Hey Joe, you give out the FULL size candy, wow, unheard of these days, could ya send me the razzles please?? I’m trick or treating at your house next year!! Sheryl


We actually tripled our number of trick or treater this year! Last year we got 6, this year 18! I remember when I was younger our streets were always full and our neighbourhood got around 50 kids. My little brother, our neighbours and I would go out and collect a pillowcase full of candy. Most of our kids this years were under 7 and we only had 3 girls that appeared to be over 12. So now I get to eat all the leftovers!

Narelle from Aus

Heya Joe,

Is it just me or is Lulu looking a little like the Doctor from Cannonball Run with her eyes like that?

Maximus always has a look that you half expect him to start speaking with a well-to-do British accent and his first words would be something profound such as, “Life.. you’ll find the true meaning is…” as he waves a paw around.

Wanna see Ralph’s battle scar/patch?


Oh, poor Maximus! Hope he heals up well and fast.

And poor you for the lack of trick or treaters. I feel like the holiday has waned, too. At least on the candy giving (the slutty costumes, those are in abundance). Of course, even when I was in high school it wasn’t cool to go out anymore. Whatever, I went out a year or two with a few friends to the rich people’s homes. *nods* Gotta love regular sized candy bars (or dollar bills!) over the fun size.

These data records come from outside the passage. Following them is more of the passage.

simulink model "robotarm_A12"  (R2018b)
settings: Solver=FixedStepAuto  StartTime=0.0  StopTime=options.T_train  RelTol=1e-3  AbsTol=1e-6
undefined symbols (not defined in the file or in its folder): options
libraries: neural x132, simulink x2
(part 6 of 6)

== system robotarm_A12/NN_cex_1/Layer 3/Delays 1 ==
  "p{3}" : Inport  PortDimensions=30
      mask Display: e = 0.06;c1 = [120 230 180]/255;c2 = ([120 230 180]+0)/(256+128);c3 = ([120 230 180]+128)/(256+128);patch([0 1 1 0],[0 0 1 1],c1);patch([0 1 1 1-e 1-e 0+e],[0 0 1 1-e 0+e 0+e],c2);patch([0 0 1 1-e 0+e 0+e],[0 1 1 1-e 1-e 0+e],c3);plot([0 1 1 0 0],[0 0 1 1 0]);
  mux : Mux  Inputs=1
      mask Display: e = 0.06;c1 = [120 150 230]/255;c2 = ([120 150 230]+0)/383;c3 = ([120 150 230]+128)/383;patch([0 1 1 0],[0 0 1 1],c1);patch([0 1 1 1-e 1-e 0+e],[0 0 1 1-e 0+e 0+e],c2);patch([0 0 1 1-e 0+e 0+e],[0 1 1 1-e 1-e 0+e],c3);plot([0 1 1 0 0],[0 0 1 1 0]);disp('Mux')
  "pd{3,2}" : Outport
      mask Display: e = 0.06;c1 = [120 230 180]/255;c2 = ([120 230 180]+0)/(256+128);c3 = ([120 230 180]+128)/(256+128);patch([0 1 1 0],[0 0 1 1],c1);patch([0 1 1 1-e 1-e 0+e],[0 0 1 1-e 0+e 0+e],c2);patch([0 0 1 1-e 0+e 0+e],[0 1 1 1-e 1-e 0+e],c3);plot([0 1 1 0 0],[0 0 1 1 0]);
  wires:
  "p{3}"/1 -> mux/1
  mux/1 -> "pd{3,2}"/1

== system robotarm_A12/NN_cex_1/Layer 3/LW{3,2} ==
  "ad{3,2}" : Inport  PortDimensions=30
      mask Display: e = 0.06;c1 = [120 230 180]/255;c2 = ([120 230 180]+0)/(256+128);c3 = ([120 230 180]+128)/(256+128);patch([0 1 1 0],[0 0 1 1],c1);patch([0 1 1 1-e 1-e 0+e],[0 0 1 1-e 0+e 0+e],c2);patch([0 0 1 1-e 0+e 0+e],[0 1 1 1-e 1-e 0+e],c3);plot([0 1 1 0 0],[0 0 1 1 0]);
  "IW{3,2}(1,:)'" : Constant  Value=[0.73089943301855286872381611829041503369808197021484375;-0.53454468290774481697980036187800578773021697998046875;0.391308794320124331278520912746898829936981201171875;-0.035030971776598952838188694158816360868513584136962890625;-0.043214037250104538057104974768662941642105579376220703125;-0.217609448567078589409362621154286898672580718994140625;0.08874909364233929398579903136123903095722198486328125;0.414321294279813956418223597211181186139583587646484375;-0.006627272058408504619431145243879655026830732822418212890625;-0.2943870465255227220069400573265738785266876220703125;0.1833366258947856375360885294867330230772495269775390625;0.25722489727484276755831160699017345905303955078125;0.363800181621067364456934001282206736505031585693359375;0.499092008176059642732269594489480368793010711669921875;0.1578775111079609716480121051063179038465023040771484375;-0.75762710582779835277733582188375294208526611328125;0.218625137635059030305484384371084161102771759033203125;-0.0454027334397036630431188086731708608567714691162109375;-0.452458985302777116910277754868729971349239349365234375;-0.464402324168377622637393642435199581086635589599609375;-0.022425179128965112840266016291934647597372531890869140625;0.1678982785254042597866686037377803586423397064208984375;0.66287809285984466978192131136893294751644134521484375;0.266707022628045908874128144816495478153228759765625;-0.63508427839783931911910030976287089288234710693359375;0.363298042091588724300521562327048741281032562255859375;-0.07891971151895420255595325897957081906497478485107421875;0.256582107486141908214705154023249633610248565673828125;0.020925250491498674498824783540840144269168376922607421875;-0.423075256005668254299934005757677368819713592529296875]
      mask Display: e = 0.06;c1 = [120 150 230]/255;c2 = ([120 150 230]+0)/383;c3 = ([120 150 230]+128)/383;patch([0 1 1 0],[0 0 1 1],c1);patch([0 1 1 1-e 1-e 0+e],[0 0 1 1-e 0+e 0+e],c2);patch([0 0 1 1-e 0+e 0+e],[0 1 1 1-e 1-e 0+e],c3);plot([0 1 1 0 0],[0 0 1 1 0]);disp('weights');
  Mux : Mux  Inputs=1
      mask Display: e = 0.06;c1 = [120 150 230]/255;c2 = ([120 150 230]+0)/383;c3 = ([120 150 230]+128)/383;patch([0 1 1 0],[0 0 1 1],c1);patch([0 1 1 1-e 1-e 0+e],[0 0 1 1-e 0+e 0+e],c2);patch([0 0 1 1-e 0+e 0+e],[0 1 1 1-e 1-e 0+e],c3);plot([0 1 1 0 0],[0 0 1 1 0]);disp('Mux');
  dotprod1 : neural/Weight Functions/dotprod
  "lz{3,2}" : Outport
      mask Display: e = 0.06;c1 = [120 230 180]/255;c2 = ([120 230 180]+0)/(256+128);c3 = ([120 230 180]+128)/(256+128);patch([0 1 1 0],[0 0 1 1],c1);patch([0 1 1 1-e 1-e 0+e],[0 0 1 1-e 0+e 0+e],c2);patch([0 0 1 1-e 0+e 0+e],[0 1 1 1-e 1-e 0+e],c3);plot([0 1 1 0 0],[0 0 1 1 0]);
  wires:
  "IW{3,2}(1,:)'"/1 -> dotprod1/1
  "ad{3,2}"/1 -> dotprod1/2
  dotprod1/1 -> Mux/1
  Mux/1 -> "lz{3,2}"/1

Sadly, this year I did nothing but study for tomorrow’s test. Meh, grad school. Takes the fun out of everything.


Ha! I’ve got you beat on the amount of leftover candy, if only because I went insane this year. Approximately 30 pounds of candy, PLUS three dozen larger items like giant gummy creatures, movie sized candies, and other treats. Plus I threw up some decorations to intimidate the youngsters. They got two handfuls of candy if they made it the 15 feet from the sidewalk to the step and bowls of candy. They also had to pass me, as I sat with mask, cape, and unsheathed sword. I scared more adults than kids, but still had the gratifying experience of having kids turn and run back to parental arms. Like you, I do mourn the decline of this wonderfully ignoble holiday. Most of the kids don’t even know to say trick or treat, and the concept of TPing a house or some other inane form of trickiness is lost to this generation. All in all I handed out less than 20% of my loot, even allowing that the last kid to come along had an entire bowl of candy dumped into his bag. I’ve actually resisted the temptation of eating the candy myself, and am letting my coworkers put in the effort to put on the pounds.
Any bets on who else brings leftovers to work, and who will have the best stuff of those who do? My money is on you Mr. M. for the latter. Thanks for sharing time and pictures with us tonight.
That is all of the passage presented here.